Norman Osborn later faked Barney's death in his hospital bed as Norman invited Barney to join his second incarnation of the Dark Avengers. Despite the new team's initial success, he was finally defeated in a fight with Mockingbird when he underestimated her capabilities, as Mockingbird had been enhanced by the Super Soldier Serum and Infinity Formula. After being arrested, Barney and the rest of the villains (save for Superia and Gorgon) are offered reduced sentences in exchange for signing on with the Thunderbolts program. Barney remains with the team until the Dark Avengers escape their handlers and disband.

Sometime after the dissolution of the group, the homeless and disheveled Barney goes to live with Clint, with whom he apparently reconciled, at his new apartment.

As part of the All-New All-Different Marvel, it is revealed that Barney had stolen Clint's wealth and moved to a private island to start a family with Simone, one of Clint's former neighbors. Despite all of this, the two brothers remain on good terms. He even assisted Clint and Kate Bishop in rescuing the Project Communion kids from Hydra and S.H.I.E.L.D.

==Powers and abilities==
Barney Barton is a highly trained former FBI agent and is a proficient marksman, exceptional athlete and skilled hand-to-hand combatant with incredible reflexes. He was later trained by Buck Chisholm, the same man who trained Hawkeye, to become a highly skilled archer displaying uncanny accuracy. As Trickshot, Barney uses a variety of razor-sharp arrows, including trick arrows such as explosive arrows and bola arrows.

== Reception ==

=== Critical response ===
Brenton Stewart of Comic Book Resources stated, "Trickshot's love/hate relationship with Hawkeye defined much of his appearances in the comics. He later appeared as a member of a Dark Avengers team where his insecurities over his unfavorable comparison to his brother dominated his character, and ultimately, that is exactly what gets at the heart of what is great about the character. It's hard enough for the world to spare much love for the world's greatest archer, but the world's secondgreatest archer gets even less. But what already works so well in the comics would work even better in the MCU where Trickshot could truly shine." Jordan Iacobucci of Screen Rant wrote, "If the MCU intends on adapting the Dark Avengers storyline with its Thunderbolts, Barney Barton is an excellent choice, as his addition could both enliven Clint Barton's character arc, as well as inform a potential second season of Hawkeye, which is rumored to be in development. The character is one major piece of Clint's story yet to be adapted for the MCU, who should reunite with his brother before Jeremy Renner's inevitable exit from the franchise."
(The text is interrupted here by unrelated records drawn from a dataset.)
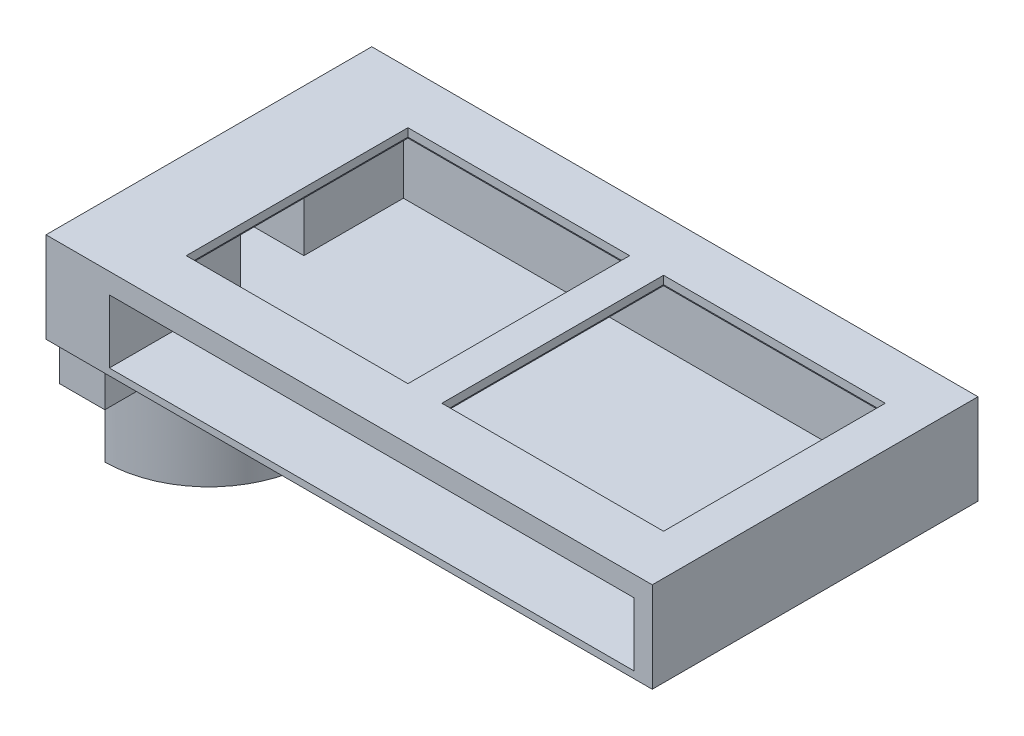
SolidWorks part; units mm, degrees
ref_plane "Front Plane" through (0, 0, 0) normal (0, 0, 1) x (1, 0, 0)
ref_plane "Top Plane" through (0, 0, 0) normal (0, 1, 0) x (1, 0, 0)
ref_plane "Right Plane" through (0, 0, 0) normal (1, 0, 0) x (0, 0, -1)
sketch "Sketch5" plane through (0, 0, 0) normal (0, 1, 0) x (1, 0, 0)
  line L0 (-124, 0) -> (-134, 0)
  line L1 (0, 0) -> (-1.9533, 0)
  line L2 (0, 0) -> (0, 72)
  line L3 (0, 72) -> (-134, 72)
  line L4 (-134, 0) -> (-134, 72)
  line L10 (-124, 0) -> (-1.9533, 0)
  dimension "D1" = 72
  dimension "D2" = 134
extrude "Main Body" add sketch "Sketch5" against normal blind 16
sketch "Sketch8" plane through (0, 0, 0) normal (0, 0, 1) x (1, 0, 0)
  line L0 (-134, -16) -> (-134, 0) construction
  line L1 (0, -16) -> (-134, -16)
  line L2 (0, -16) -> (0, -20)
  line L3 (0, -20) -> (-134, -20)
  line L4 (-134, -16) -> (-134, -20)
  dimension "D1" = 4
extrude "Cover" add sketch "Sketch8" against normal up to surface (72 mm away) up to face at (-67, -8, -72)
sketch "Sketch20" plane through (0, 0, 0) normal (0, 0, 1) x (1, 0, 0)
  line L0 (-134, -20) -> (-134, 0) construction
  line L1 (-4, -4.5) -> (-120, -4.5)
  line L2 (-4, -4.5) -> (-4, -18.5)
  line L3 (-4, -18.5) -> (-120, -18.5)
  line L4 (-120, -4.5) -> (-120, -18.5)
  line L6 (0, 0) -> (-134, 0) construction
  dimension "D1" = 14
  dimension "D2" = 116
  dimension "D3" = 14
  dimension "D4" = 4.5
extrude "Crystal Slot" cut sketch "Sketch20" against normal blind 65 contours L2 L1 L4 L3
sketch "Sketch9" plane through (-134, 0, 0) normal (-1, 0, 0) x (0, 0, 1)
  line L3 (-29, -4.5) -> (-43, -4.5)
  line L4 (-43, -18.5) -> (-43, -4.5)
  line L5 (-72, -20) -> (-72, 0) construction
  line L6 (-65, -4.5) -> (0, -4.5) construction
  line L7 (-29, -4.5) -> (-29, -18.5)
  line L8 (-29, -18.5) -> (-43, -18.5)
  dimension "D1" = 14
  dimension "D2" = 14
  dimension "D3" = 29
  dimension "D4" = 0
extrude "SiPM Window" cut sketch "Sketch9" against normal up to surface (14 mm away) up to face at (-120, -11.5, -32.5)
sketch "Sketch10" plane through (0, -20, 0) normal (0, -1, 0) x (1, 0, 0)
  line L0 (-134, -72) -> (-134, 0) construction
  line L4 (-134, -72) -> (-134, 0) construction
  line L5 (-134, -72) -> (0, -72) construction
  line L6 (-134, -16) -> (-134, -13)
  line L7 (-134, -56) -> (-134, -59)
  arc A0 (-134, -56) -> (-134, -16) centre (-134, -36) ccw
  arc A1 (-134, -59) -> (-134, -13) centre (-134, -36) ccw
  line M4 (-134, 0) -> (-134, -72)
  line M8 (-134, 0) -> (-134, -72)
  dimension "D2" = 20
  dimension "D1" = 36
  dimension "D3" = 3
  dimension "D4" = 3
extrude "Tube Adapter" add sketch "Sketch10" along normal blind 30 contours A1 A0 M4 M8
sketch "Sketch11" plane through (0, -20, 0) normal (0, -1, 0) x (1, 0, 0)
  line L0 (-134, -59) -> (-134, -69)
  line L5 (-134, -72) -> (-134, -59) construction
  line L6 (-134, -69) -> (-124, -69)
  line L7 (-124, -69) -> (-124, -56.7123)
  arc A0 (-134, -59) -> (-124, -56.7123) centre (-134, -36) ccw
  dimension "D1" = 10
  dimension "D2" = 10
extrude "Right Screw Terminal" add sketch "Sketch11" along normal blind 10
sketch "Sketch12" plane through (-134, 0, 0) normal (-1, 0, 0) x (0, 0, 1)
  line L2 (-69, -30) -> (-69, -20) construction
  line L3 (-59, -30) -> (-69, -30) construction
  circle A0 centre (-64, -25) radius 1.524
  dimension "D3" = 5
  dimension "D1" = 3.048
  dimension "D2" = 5
extrude "Right Screw Hole" cut sketch "Sketch12" against normal up to next
sketch "Sketch13" plane through (0, -20, 0) normal (0, -1, 0) x (-1, 0, 0)
  line L2 (134, 13) -> (134, 3)
  line L3 (134, 3) -> (124, 3)
  line L4 (124, 15.2877) -> (124, 3)
  arc A0 (134, 13) -> (124, 15.2877) centre (134, 36) cw
  dimension "D1" = 10
  dimension "D2" = 10
extrude "Left Screw Terminal" add sketch "Sketch13" along normal blind 10
sketch "Sketch14" plane through (-134, 0, 0) normal (-1, 0, 0) x (0, 0, 1)
  line L0 (-3, -30) -> (-3, -20) construction
  line L1 (-3, -30) -> (-13, -30) construction
  circle A0 centre (-8, -25) radius 1.524
  dimension "D3" = 3.048
  dimension "D1" = 5
  dimension "D2" = 5
extrude "Left Screw Hole" cut sketch "Sketch14" against normal up to next
ref_plane "Plane1" through (-144, 0, 0) normal (-1, 0, 0) x (0, 0, 1)
sketch "Sketch18" plane through (-144, 0, 0) normal (-1, 0, 0) x (0, 0, 1)
  line L0 (-56, -50) -> (-56, -20) construction
  line L5 (-56, -50) -> (-16, -50) construction
  circle A0 centre (-36, -42.5) radius 1.524
  dimension "D1" = 3.048
  dimension "D2" = 20
  dimension "D3" = 7.5
extrude "Adapter Hole" cut sketch "Sketch18" against normal up to surface (32.9495 mm away)
sketch "Sketch21" plane through (0, -4.5, 0) normal (0, -1, 0) x (1, 0, 0)
  line L0 (-4, -65) -> (-4, 0) construction
  line L1 (-6.5, -9) -> (-60.5, -9)
  line L2 (-6.5, -9) -> (-6.5, -63)
  line L3 (-6.5, -63) -> (-60.5, -63)
  line L4 (-60.5, -9) -> (-60.5, -63)
  line L5 (-63, -9) -> (-117, -9)
  line L6 (-63, -9) -> (-63, -63)
  line L7 (-63, -63) -> (-117, -63)
  line L8 (-117, -9) -> (-117, -63)
  line L9 (-60.5, -36) -> (-6.5, -36) construction
  line L10 (0, -36) -> (-117, -36) construction
  line L11 (0, -72) -> (0, 0) construction
  line L13 (-117, -36) -> (-63, -36) construction
  dimension "D1" = 2.5
  dimension "D2" = 54
  dimension "D3" = 54
  dimension "D4" = 54
  dimension "D5" = 2.5
  dimension "D6" = 54
extrude "Filter Slot" cut sketch "Sketch21" against normal blind 2.7
sketch "Sketch24" plane through (0, -1.8, 0) normal (0, -1, 0) x (1, 0, 0)
  line L0 (-117, -9) -> (-117, -63) construction
  line L1 (-9, -11.5) -> (-58, -11.5)
  line L2 (-9, -11.5) -> (-9, -60.5)
  line L3 (-9, -60.5) -> (-58, -60.5)
  line L4 (-58, -11.5) -> (-58, -60.5)
  line L5 (-6.5, -9) -> (-60.5, -9) construction
  line L7 (-117, -63) -> (-63, -63) construction
  line L9 (-6.5, -63) -> (-6.5, -9) construction
  line L10 (-60.5, -63) -> (-6.5, -63) construction
  line L11 (-60.5, -9) -> (-60.5, -63) construction
  line L12 (-63, -9) -> (-117, -9) construction
  line L13 (-114.5, -11.5) -> (-65.5, -11.5)
  line L14 (-114.5, -11.5) -> (-114.5, -60.5)
  line L15 (-114.5, -60.5) -> (-65.5, -60.5)
  line L16 (-65.5, -11.5) -> (-65.5, -60.5)
  line L17 (-63, -63) -> (-63, -9) construction
  dimension "D1" = 2.5
  dimension "D2" = 2.5
  dimension "D3" = 2.5
  dimension "D4" = 2.5
  dimension "D5" = 2.5
  dimension "D6" = 2.5
  dimension "D7" = 2.5
  dimension "D8" = 2.5
extrude "Filter Window" cut sketch "Sketch24" against normal up to surface (1.8 mm away) up to face at (-67, 0, -36)

Screen Rant included Barney Barton in their "Hawkeye's 10 Best Relationships In Marvel Comics" list, and in their "10 Comic Book Thunderbolts That Should Join The MCU Team" list. Comic Book Resources included Barney Barton in their "10 Marvel Characters We Hope to See in the MCU's Phase 4" list, and ranked him 2nd in their "Marvel: 10 Characters Baron Zemo Created In The Comics" list, and 4th in their "Marvel: 15 Best Hawkeye Villains" list.